GIVEN INFORMATION:
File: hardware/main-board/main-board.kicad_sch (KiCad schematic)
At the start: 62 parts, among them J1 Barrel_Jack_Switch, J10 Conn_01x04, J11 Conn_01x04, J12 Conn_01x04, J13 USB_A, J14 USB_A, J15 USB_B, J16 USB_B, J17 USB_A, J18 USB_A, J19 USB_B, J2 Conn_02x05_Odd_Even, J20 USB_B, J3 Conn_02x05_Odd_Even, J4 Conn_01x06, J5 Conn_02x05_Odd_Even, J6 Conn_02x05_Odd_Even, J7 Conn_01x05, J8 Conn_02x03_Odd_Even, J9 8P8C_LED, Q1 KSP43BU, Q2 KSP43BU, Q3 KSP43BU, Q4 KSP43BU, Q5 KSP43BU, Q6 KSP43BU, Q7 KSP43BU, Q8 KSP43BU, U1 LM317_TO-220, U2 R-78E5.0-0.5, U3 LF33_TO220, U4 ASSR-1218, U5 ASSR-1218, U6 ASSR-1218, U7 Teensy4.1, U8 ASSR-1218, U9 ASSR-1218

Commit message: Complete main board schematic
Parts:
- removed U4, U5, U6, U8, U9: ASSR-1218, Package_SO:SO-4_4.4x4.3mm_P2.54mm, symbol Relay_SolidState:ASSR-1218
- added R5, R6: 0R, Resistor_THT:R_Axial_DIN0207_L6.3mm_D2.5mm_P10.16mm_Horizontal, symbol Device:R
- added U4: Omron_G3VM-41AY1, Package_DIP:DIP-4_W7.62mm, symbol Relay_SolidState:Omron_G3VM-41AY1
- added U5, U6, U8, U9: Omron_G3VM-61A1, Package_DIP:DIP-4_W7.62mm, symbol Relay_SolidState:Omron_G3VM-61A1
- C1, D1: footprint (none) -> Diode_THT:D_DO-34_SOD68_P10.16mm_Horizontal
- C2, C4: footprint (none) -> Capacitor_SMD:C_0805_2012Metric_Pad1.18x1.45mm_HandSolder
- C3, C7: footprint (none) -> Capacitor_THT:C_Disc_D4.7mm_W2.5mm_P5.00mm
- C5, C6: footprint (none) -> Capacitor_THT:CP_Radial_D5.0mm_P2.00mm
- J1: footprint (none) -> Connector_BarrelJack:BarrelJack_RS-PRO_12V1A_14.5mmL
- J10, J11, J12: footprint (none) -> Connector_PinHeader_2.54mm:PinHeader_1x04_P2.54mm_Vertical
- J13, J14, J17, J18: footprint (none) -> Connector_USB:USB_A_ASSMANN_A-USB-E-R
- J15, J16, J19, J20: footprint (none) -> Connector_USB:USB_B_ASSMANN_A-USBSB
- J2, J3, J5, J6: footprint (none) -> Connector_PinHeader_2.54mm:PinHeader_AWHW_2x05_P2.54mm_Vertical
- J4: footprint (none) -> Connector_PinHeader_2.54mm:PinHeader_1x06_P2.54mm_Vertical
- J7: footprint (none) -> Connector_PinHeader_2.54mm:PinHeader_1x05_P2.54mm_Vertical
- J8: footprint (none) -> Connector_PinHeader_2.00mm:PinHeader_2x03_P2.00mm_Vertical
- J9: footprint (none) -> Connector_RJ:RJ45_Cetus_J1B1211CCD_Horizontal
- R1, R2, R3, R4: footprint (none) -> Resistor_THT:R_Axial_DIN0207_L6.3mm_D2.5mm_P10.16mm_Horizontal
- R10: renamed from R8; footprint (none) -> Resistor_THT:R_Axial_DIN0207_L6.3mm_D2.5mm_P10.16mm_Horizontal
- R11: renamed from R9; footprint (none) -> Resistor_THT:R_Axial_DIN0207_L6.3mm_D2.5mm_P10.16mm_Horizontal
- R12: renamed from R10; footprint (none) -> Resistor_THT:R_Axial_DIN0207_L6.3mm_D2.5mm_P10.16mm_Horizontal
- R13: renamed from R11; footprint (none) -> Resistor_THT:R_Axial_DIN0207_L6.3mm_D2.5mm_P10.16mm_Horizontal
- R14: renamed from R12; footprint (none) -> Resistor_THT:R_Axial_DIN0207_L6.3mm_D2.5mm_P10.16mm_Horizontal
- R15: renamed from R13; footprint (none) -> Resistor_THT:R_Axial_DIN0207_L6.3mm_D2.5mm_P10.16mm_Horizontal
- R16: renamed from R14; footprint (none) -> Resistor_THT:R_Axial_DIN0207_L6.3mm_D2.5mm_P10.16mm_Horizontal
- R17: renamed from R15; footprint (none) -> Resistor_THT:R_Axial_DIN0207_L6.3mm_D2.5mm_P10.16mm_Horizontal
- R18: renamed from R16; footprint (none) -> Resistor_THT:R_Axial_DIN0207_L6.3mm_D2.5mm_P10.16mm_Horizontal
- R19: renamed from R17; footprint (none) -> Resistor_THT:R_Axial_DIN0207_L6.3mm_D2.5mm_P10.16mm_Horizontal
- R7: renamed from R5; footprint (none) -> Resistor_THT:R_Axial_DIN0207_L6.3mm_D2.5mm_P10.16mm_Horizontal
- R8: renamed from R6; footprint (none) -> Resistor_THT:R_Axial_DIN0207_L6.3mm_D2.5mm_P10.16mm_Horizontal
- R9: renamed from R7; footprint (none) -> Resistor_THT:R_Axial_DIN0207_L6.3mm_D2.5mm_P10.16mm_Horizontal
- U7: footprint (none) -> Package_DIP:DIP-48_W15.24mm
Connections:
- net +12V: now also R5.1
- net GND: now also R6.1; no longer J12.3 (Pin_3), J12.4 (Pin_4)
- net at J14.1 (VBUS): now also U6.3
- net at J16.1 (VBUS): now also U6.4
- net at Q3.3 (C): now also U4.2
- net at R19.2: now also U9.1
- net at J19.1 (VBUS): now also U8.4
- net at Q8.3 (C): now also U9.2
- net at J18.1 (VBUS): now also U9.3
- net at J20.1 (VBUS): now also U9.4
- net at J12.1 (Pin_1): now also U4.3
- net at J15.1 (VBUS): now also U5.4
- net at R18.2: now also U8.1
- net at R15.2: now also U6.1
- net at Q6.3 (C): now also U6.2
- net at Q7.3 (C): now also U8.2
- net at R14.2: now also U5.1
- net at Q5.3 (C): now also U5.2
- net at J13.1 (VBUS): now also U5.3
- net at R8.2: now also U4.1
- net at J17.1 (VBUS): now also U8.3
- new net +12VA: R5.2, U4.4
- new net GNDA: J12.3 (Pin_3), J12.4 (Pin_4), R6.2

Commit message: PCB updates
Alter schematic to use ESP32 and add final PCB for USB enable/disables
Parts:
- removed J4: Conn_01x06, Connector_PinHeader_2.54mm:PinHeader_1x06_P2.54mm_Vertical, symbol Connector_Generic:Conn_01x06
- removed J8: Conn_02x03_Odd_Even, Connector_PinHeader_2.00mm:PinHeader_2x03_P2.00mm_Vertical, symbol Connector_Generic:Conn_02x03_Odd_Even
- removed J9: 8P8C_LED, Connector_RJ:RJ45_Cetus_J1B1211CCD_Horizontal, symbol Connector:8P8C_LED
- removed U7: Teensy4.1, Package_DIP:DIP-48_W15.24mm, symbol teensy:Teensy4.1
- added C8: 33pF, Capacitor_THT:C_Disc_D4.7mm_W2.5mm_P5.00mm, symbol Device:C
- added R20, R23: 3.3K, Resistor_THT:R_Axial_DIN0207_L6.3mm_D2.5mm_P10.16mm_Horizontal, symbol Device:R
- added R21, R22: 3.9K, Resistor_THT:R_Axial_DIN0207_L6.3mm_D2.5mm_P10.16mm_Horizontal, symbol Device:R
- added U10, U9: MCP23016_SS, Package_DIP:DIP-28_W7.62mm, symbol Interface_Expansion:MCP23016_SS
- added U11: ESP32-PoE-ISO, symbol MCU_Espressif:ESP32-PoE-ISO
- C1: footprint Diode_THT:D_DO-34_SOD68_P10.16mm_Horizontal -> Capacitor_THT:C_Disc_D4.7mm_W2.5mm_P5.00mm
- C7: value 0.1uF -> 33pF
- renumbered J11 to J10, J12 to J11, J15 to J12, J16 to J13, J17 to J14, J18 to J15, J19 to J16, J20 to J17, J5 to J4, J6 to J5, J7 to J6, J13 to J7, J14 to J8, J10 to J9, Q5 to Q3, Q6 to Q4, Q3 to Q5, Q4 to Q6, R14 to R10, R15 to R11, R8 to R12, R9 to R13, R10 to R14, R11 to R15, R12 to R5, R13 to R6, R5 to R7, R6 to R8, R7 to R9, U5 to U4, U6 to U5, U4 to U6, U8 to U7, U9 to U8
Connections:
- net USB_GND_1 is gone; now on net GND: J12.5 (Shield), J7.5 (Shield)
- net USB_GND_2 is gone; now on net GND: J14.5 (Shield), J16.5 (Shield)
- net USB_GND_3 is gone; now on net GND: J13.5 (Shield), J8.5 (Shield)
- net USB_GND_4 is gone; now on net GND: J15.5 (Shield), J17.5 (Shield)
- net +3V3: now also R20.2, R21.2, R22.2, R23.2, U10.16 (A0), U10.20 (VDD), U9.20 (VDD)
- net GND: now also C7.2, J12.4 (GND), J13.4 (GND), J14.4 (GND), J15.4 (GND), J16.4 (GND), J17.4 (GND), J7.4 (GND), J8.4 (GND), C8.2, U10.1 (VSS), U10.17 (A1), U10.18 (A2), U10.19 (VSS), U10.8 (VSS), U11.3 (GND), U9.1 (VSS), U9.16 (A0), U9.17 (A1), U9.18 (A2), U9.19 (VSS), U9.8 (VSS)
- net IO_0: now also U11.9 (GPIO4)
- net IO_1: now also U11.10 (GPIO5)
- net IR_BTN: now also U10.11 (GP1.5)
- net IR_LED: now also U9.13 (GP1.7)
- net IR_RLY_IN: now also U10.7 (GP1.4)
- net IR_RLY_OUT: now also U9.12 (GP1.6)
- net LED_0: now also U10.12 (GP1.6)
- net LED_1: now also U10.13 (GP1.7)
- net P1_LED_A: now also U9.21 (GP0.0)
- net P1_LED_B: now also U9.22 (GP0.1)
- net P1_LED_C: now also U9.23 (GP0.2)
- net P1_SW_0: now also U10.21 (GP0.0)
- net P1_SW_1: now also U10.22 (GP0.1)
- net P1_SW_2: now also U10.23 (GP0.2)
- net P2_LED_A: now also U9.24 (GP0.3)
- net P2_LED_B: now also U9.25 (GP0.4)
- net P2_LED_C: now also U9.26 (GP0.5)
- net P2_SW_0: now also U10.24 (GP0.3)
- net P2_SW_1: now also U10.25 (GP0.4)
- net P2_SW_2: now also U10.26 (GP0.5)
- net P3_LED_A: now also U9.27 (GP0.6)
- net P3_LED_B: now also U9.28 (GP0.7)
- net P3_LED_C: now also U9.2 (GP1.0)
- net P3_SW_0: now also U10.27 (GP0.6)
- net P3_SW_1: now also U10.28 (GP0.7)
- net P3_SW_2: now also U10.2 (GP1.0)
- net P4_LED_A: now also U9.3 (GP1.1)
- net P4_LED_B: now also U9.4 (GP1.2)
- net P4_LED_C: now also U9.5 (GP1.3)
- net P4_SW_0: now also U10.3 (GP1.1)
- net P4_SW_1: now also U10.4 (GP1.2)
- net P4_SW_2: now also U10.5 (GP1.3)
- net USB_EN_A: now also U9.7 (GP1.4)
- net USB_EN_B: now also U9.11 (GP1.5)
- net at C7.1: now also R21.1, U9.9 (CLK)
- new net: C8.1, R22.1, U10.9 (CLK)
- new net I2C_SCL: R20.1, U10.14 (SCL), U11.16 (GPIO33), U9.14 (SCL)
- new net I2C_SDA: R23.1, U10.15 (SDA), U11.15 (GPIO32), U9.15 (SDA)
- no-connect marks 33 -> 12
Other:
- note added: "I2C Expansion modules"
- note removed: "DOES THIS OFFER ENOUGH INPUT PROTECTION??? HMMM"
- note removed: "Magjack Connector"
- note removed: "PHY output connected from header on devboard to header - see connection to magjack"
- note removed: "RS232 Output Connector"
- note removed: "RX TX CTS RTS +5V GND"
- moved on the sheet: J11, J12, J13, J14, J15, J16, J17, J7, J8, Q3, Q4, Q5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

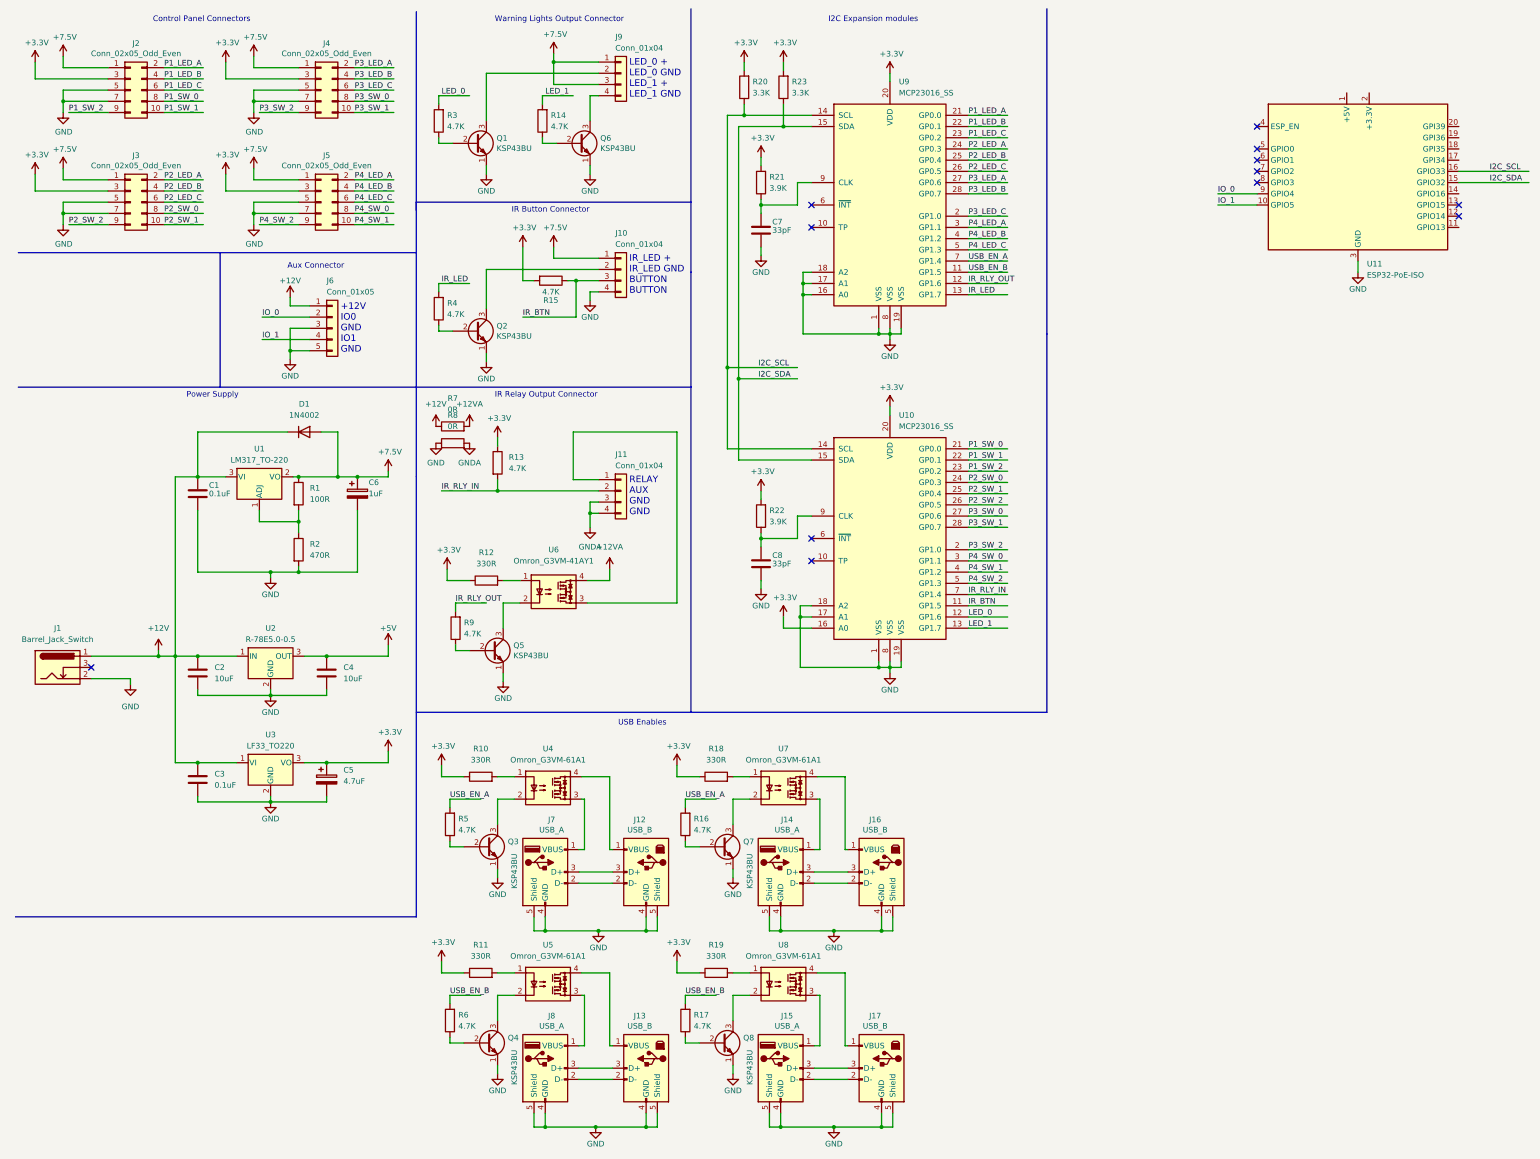
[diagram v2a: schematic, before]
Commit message: Rev A mainboard PCB
Altered to split IR relay off into isolated section
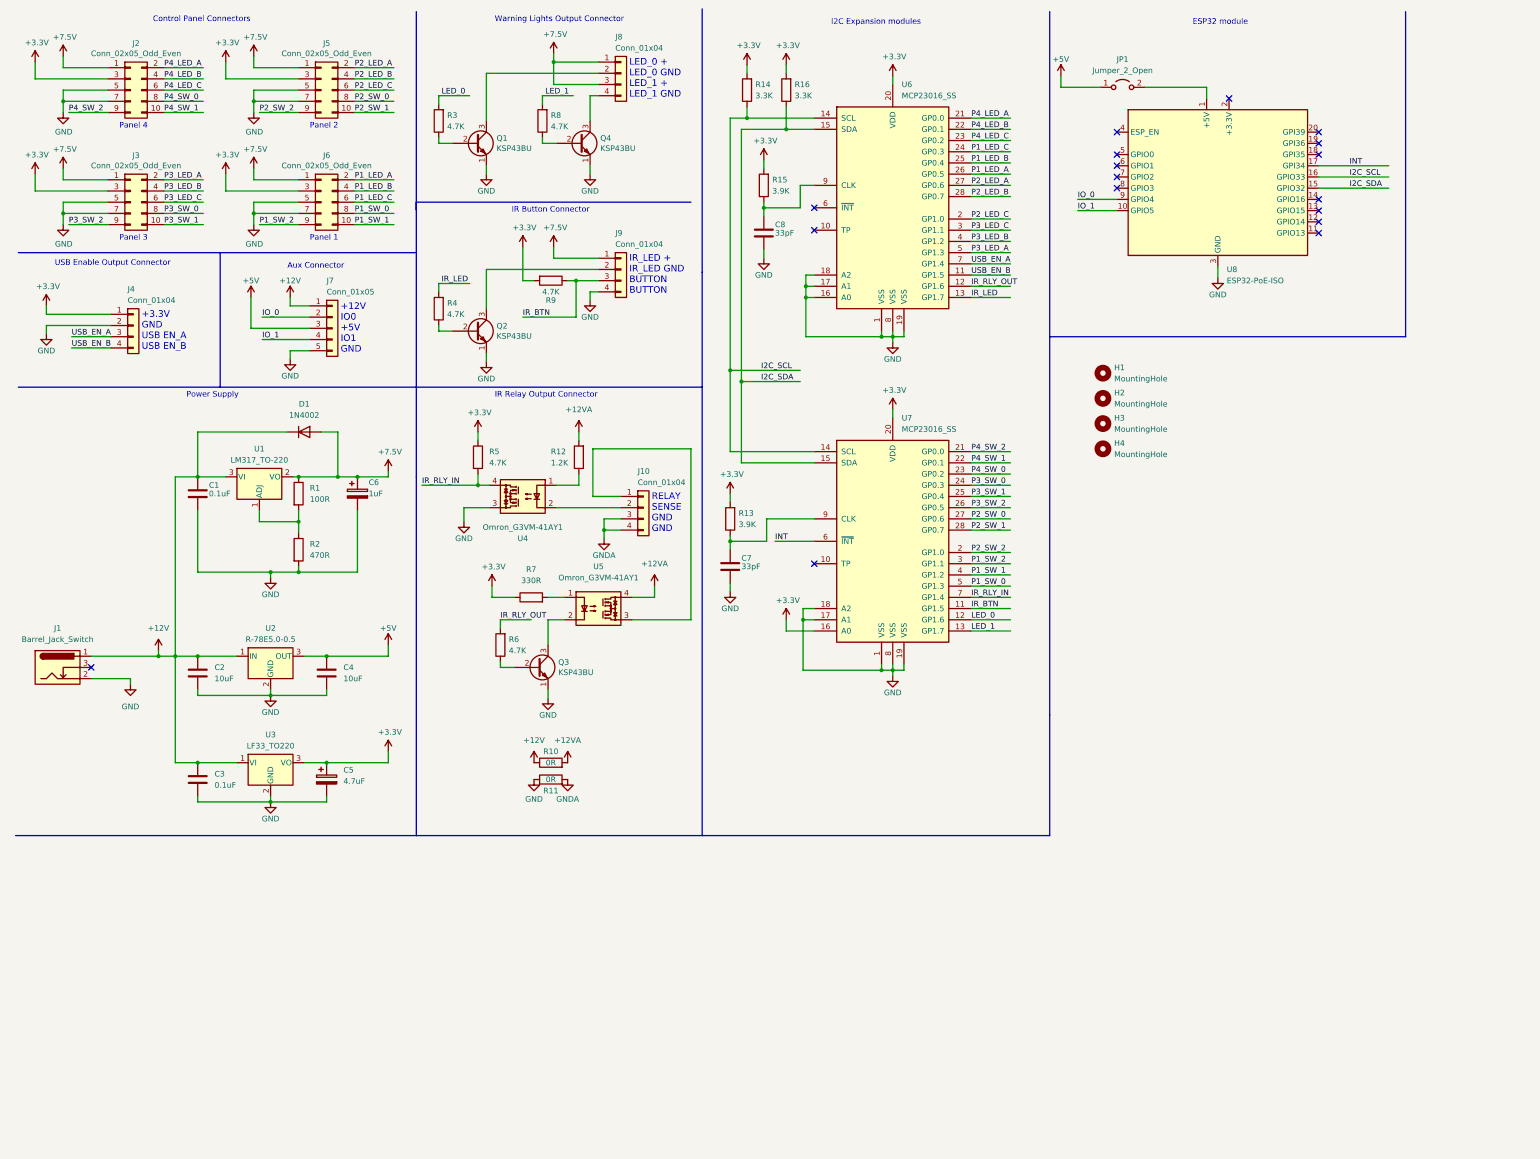
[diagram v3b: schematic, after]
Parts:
- removed J12, J13, J16, J17: USB_B, Connector_USB:USB_B_ASSMANN_A-USBSB, symbol Connector:USB_B
- removed J14, J15, J7, J8: USB_A, Connector_USB:USB_A_ASSMANN_A-USB-E-R, symbol Connector:USB_A
- removed Q3, Q4, Q7, Q8: KSP43BU, Package_TO_SOT_THT:TO-92_Inline, symbol Device:Q_NPN_EBC
- removed R10, R11, R18, R19: 330R, Resistor_THT:R_Axial_DIN0207_L6.3mm_D2.5mm_P10.16mm_Horizontal, symbol Device:R
- removed R16, R17, R5, R6: 4.7K, Resistor_THT:R_Axial_DIN0207_L6.3mm_D2.5mm_P10.16mm_Horizontal, symbol Device:R
- removed U4, U5, U7, U8: Omron_G3VM-61A1, Package_DIP:DIP-4_W7.62mm, symbol Relay_SolidState:Omron_G3VM-61A1
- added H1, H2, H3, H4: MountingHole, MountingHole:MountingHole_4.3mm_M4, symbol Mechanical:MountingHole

TASK: Every line above from the line with "- added U10, U9: MCP23016_SS, Package_DIP:DIP-28_W7.62mm, symbol" to the line with "- net +3V3: now", both included, must be reproduced exactly, and no other line may appear.

WRITTEN SOLUTION:
- added U10, U9: MCP23016_SS, Package_DIP:DIP-28_W7.62mm, symbol Interface_Expansion:MCP23016_SS
- added U11: ESP32-PoE-ISO, symbol MCU_Espressif:ESP32-PoE-ISO
- C1: footprint Diode_THT:D_DO-34_SOD68_P10.16mm_Horizontal -> Capacitor_THT:C_Disc_D4.7mm_W2.5mm_P5.00mm
- C7: value 0.1uF -> 33pF
- renumbered J11 to J10, J12 to J11, J15 to J12, J16 to J13, J17 to J14, J18 to J15, J19 to J16, J20 to J17, J5 to J4, J6 to J5, J7 to J6, J13 to J7, J14 to J8, J10 to J9, Q5 to Q3, Q6 to Q4, Q3 to Q5, Q4 to Q6, R14 to R10, R15 to R11, R8 to R12, R9 to R13, R10 to R14, R11 to R15, R12 to R5, R13 to R6, R5 to R7, R6 to R8, R7 to R9, U5 to U4, U6 to U5, U4 to U6, U8 to U7, U9 to U8
Connections:
- net USB_GND_1 is gone; now on net GND: J12.5 (Shield), J7.5 (Shield)
- net USB_GND_2 is gone; now on net GND: J14.5 (Shield), J16.5 (Shield)
- net USB_GND_3 is gone; now on net GND: J13.5 (Shield), J8.5 (Shield)
- net USB_GND_4 is gone; now on net GND: J15.5 (Shield), J17.5 (Shield)
- net +3V3: now also R20.2, R21.2, R22.2, R23.2, U10.16 (A0), U10.20 (VDD), U9.20 (VDD)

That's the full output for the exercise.